The fund was started last year with great fanfare by the United Nations
secretary general, Kofi Annan, in the hope that it would become the
repository for Western donations of $7 billion to $10 billion a year toward
fighting disease.
Thus far, Dr. Feachem said, it has received worthy requests from poor
countries totaling about $8 billion, but has received only $2.1 billion in
pledges. Advocates for the poor have been particularly bitter that the
United States has not donated more. President Bush's first pledge was $200
million.
Of the 30 million people with the AIDS virus in Africa, it is estimated
that
only 30,000 are getting the anti-retroviral drugs that are routinely
prescribed for American and European AIDS patients.
But there was positive reaction to Mr. Feachem's announcement, including a
surprising endorsement from the pharmaceutical industry's trade group.
Shannon Herzfeld, a spokeswoman for the Pharmaceutical Research and
Manufacturers of America, said the group supported the fund's decision. "We
believe strongly that there is room for bona fide generics as long as they
are of high quality."
William F. Haddad, a generics maker who helped create the cheaper off-brand
industry in the United States, called the fund's decision "a big victory."

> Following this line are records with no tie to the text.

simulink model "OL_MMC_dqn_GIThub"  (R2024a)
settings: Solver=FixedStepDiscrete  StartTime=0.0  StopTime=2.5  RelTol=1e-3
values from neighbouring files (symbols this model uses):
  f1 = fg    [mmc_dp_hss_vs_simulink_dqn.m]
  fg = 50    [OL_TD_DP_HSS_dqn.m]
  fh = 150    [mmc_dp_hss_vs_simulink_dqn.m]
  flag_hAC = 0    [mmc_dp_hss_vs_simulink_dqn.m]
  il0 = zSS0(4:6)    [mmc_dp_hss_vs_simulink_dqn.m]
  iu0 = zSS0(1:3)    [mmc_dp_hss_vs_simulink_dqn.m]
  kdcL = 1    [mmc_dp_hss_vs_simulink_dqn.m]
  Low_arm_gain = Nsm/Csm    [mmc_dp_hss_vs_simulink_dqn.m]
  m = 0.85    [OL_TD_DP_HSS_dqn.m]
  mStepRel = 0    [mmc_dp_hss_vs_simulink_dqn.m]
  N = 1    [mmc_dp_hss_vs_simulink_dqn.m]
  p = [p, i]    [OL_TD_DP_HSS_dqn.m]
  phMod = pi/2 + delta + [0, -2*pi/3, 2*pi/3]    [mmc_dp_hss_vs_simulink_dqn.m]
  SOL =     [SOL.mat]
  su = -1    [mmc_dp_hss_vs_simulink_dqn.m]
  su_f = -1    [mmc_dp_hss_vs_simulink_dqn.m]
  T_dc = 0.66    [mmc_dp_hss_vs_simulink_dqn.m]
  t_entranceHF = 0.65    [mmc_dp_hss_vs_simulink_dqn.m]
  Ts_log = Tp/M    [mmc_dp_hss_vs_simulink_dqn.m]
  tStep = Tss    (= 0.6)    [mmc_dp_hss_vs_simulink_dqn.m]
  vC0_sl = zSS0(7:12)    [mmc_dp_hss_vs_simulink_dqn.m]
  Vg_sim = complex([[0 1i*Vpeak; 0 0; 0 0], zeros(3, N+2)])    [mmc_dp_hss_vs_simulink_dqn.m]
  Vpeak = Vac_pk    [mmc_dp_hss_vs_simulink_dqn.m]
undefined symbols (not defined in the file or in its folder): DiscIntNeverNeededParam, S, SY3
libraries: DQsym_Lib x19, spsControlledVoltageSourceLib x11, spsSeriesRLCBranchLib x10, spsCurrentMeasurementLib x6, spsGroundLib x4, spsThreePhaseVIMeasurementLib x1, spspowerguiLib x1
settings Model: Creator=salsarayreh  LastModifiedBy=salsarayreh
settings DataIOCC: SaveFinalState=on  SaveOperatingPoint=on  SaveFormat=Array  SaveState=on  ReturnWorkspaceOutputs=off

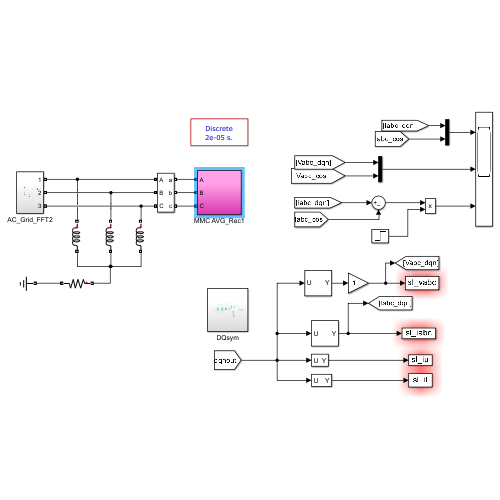
[thumbnail: Simulink's stored preview of the top-level diagram]
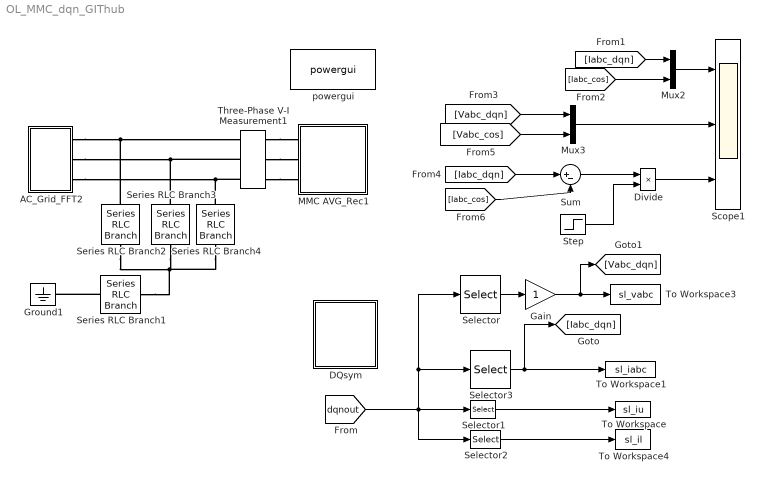
== system OL_MMC_dqn_GIThub ==
  AC_Grid_FFT2 : Subsystem
  DQsym : Subsystem
  Divide : Product  Inputs=**
  Gain : Gain
  Ground1 : spsGroundLib/Ground  LConnTagsString=a
  MMC AVG_Rec1 : Subsystem
  Mux2 : Mux  Inputs=2
  Mux3 : Mux  Inputs=2
  Scope1 : Scope  NumInputPorts=3
  Selector : Selector  InputPortWidth=12  IndexOptions=Index vector (dialog)  Indices=[1:3]  OutputSizes=1
  Selector1 : Selector  InputPortWidth=12  IndexOptions=Index vector (dialog)  Indices=[4:6]  OutputSizes=1
  Selector2 : Selector  InputPortWidth=12  IndexOptions=Index vector (dialog)  Indices=[7:9]  OutputSizes=1
  Selector3 : Selector  InputPortWidth=12  IndexOptions=Index vector (dialog)  Indices=[10:12]  OutputSizes=1
  Series RLC Branch1 : spsSeriesRLCBranchLib/Series RLC Branch  LConnTagsString=__new0  RConnTagsString=__new0  BranchType=R  Resistance=10  Inductance=1e-3  SetiL0=off  InitialCurrent=0  Capacitance=1e-6  Setx0=off  InitialVoltage=0  Measurements=None
  Series RLC Branch2 : spsSeriesRLCBranchLib/Series RLC Branch  LConnTagsString=__new0  RConnTagsString=__new0  BranchType=L  Resistance=10  Inductance=5  SetiL0=off  InitialCurrent=0  Capacitance=1e-6  Setx0=off  InitialVoltage=0  Measurements=None
  Series RLC Branch3 : spsSeriesRLCBranchLib/Series RLC Branch  LConnTagsString=__new0  RConnTagsString=__new0  BranchType=L  Resistance=10  Inductance=5  SetiL0=off  InitialCurrent=0  Capacitance=1e-6  Setx0=off  InitialVoltage=0  Measurements=None
  Series RLC Branch4 : spsSeriesRLCBranchLib/Series RLC Branch  LConnTagsString=__new0  RConnTagsString=__new0  BranchType=L  Resistance=10  Inductance=5  SetiL0=off  InitialCurrent=0  Capacitance=1e-6  Setx0=off  InitialVoltage=0  Measurements=None
  Step : Step  Time=0.5  SampleTime=0
  Sum : Sum  Inputs=|+-
  Three-Phase V-I Measurement1 : spsThreePhaseVIMeasurementLib/Three-Phase V-I Measurement  VoltageMeasurement=phase-to-ground  SetLabelV=on  LabelV=Vabc_cos  Vpu=off  VpuLL=off  CurrentMeasurement=yes  SetLabelI=on  LabelI=Iabc_cos  Ipu=off  Pbase=100e6  Vbase=500e3  OutputType=Complex  PhasorSimulation=off  PSBequivalent=0
  To Workspace : ToWorkspace  VariableName=sl_iu  SaveFormat=Timeseries  SampleTime=Ts_log
  To Workspace1 : ToWorkspace  VariableName=sl_iabc  SaveFormat=Timeseries  SampleTime=Ts_log
  To Workspace3 : ToWorkspace  VariableName=sl_vabc  SaveFormat=Timeseries  SampleTime=Ts_log
  To Workspace4 : ToWorkspace  VariableName=sl_il  SaveFormat=Timeseries  SampleTime=Ts_log
  powergui : spspowerguiLib/powergui  Priority=1  SimulationMode=Discrete  SampleTime=2e-5  frequency=60  Iterations=50  frequencyindice=0  Pbase=100e6  ErrMax=1e-4  UnitsV=kV  UnitsW=MW  buscounter=0  FunctionMessages=off  echomessages=off  EnableUseOfTLC=off  CurrentSourceSwitches=off  DisableSnubberDevices=off  DisableRonSwitches=off  DisableVfSwitches=off  DisplayEquations=off  AutomaticDiscreteSolvers=off  SolverType=Tustin/Backward Euler (TBE)  Interpol=off  ExternalGateDelay=off  methode=off  Ts=10  x0status=blocks  SPID=off  SwTol=0  HookPort=off  NonlinearTolerance=1e-4  nMaxIteration=100  ContinueOnMaxIteration=off  RestoreLinks=warning  ResistiveCurrentMeasurement=off  Frange=[0:2:500]  Ylog=off  Xlog=on  ShowGrid=off  save=off  variable=ZData  structure=VIprim  ZoomFFT=on  StartTime=0.15  cycles=2  DisplayStyle=1  fundamental=50  FreqAxis=on  MaxFrequency=1000  frequencyindicesteady=1  RmsSteady=1  display=off
  wires:
  Selector3/1 -> To Workspace1/1, [Iabc_dqn]
  Selector/1 -> Gain/1
  Gain/1 -> [Vabc_dqn], To Workspace3/1
  [dqnout] -> Selector/1, Selector3/1, Selector2/1, Selector1/1
  [Vabc_cos] -> Mux3/2
  [Iabc_cos] -> Mux2/2
  Mux2/1 -> Scope1/1
  Mux3/1 -> Scope1/2
  Selector2/1 -> To Workspace4/1
  Selector1/1 -> To Workspace/1
  Divide/1 -> Scope1/3
  Sum/1 -> Divide/1
  Step/1 -> Divide/2
  [Iabc_dqn] -> Mux2/1
  [Vabc_dqn] -> Mux3/1
  [Iabc_dqn] -> Sum/1
  [Iabc_cos] -> Sum/2
  connections:
  Series RLC Branch1/LConn1 -- Series RLC Branch2/RConn1 -- Series RLC Branch4/RConn1 -- Series RLC Branch3/RConn1
  Three-Phase V-I Measurement1/LConn2 -- Series RLC Branch3/LConn1 -- AC_Grid_FFT2/LConn2
  Three-Phase V-I Measurement1/LConn3 -- AC_Grid_FFT2/LConn3 -- Series RLC Branch4/LConn1
  AC_Grid_FFT2/LConn1 -- Three-Phase V-I Measurement1/LConn1 -- Series RLC Branch2/LConn1
  Series RLC Branch1/RConn1 -- Ground1/LConn1
  Three-Phase V-I Measurement1/RConn2 -- MMC AVG_Rec1/LConn2
  Three-Phase V-I Measurement1/RConn3 -- MMC AVG_Rec1/LConn3
  Three-Phase V-I Measurement1/RConn1 -- MMC AVG_Rec1/LConn1

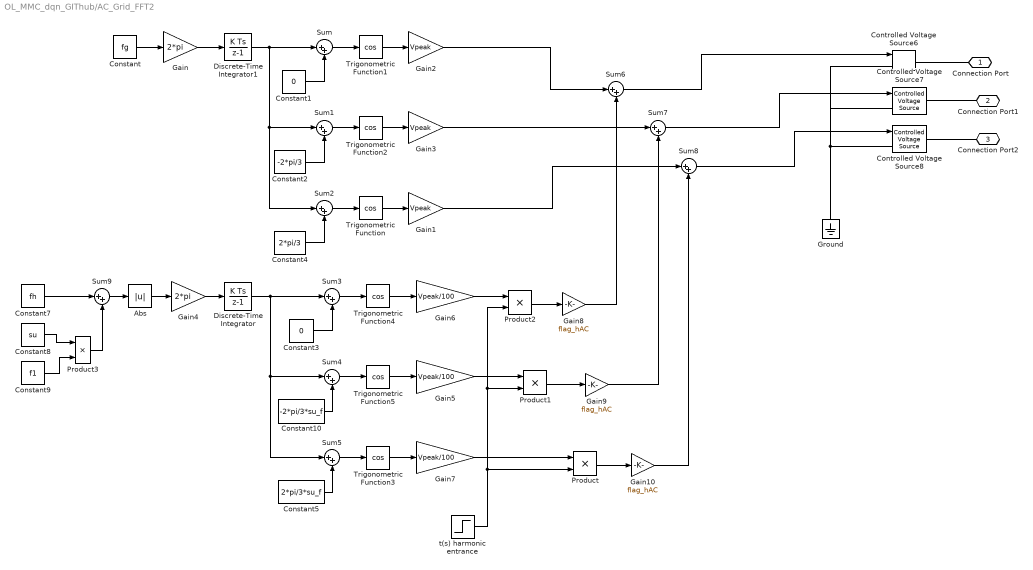
== system OL_MMC_dqn_GIThub/AC_Grid_FFT2 ==
  Abs : Abs  SaturateOnIntegerOverflow=off
  Constant : Constant  Value=fg
  Constant1 : Constant  Value=0
  Constant10 : Constant  Value=-2*pi/3*su_f
  Constant2 : Constant  Value=-2*pi/3
  Constant3 : Constant  Value=0
  Constant4 : Constant  Value=2*pi/3
  Constant5 : Constant  Value=2*pi/3*su_f
  Constant7 : Constant  Value=fh
  Constant8 : Constant  Value=su
  Constant9 : Constant  Value=f1
  Controlled Voltage Source6 : spsControlledVoltageSourceLib/Controlled Voltage Source  Initialize=on  Source_Type=AC  Amplitude=0  Phase=0  Frequency=0  Measurements=None
  Controlled Voltage Source7 : spsControlledVoltageSourceLib/Controlled Voltage Source  Initialize=on  Source_Type=AC  Amplitude=0  Phase=0  Frequency=0  Measurements=None
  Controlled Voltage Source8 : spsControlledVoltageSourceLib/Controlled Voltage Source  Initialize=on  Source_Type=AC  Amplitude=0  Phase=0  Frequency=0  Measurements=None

He contended that small countries in Africa, Latin America and Eastern
Europe are afraid that the United States will punish them if they try to
import generic medicines. "The U.S. is like an octopus," he said. "It's
continually threatening to do `something' to countries who buy from
generics
makers."
Mr. Haddad could not say which American officials had done so. In the early
days of the Clinton administration, the Commerce Department aggressively
threatened countries that ignored American patents with trade sanctions,
but
it changed its policy in December 1999 in the face of the AIDS epidemic.
The
Bush administration has said it would continue the latter policy.
A senior state department official who is familiar with the Global Fund
disputed Mr. Haddad's argument, saying: "From my vantage point, there has
been no such pressure. We've been nothing but supportive of countries who
submit applications to the Global Fund."
The United States supports the right of poor countries to buy generic drugs
with Global Fund money, the official said. "We don't have a bias for or
against generics," he said, "as long as they aren't deprived of the
opportunity of choosing brand names."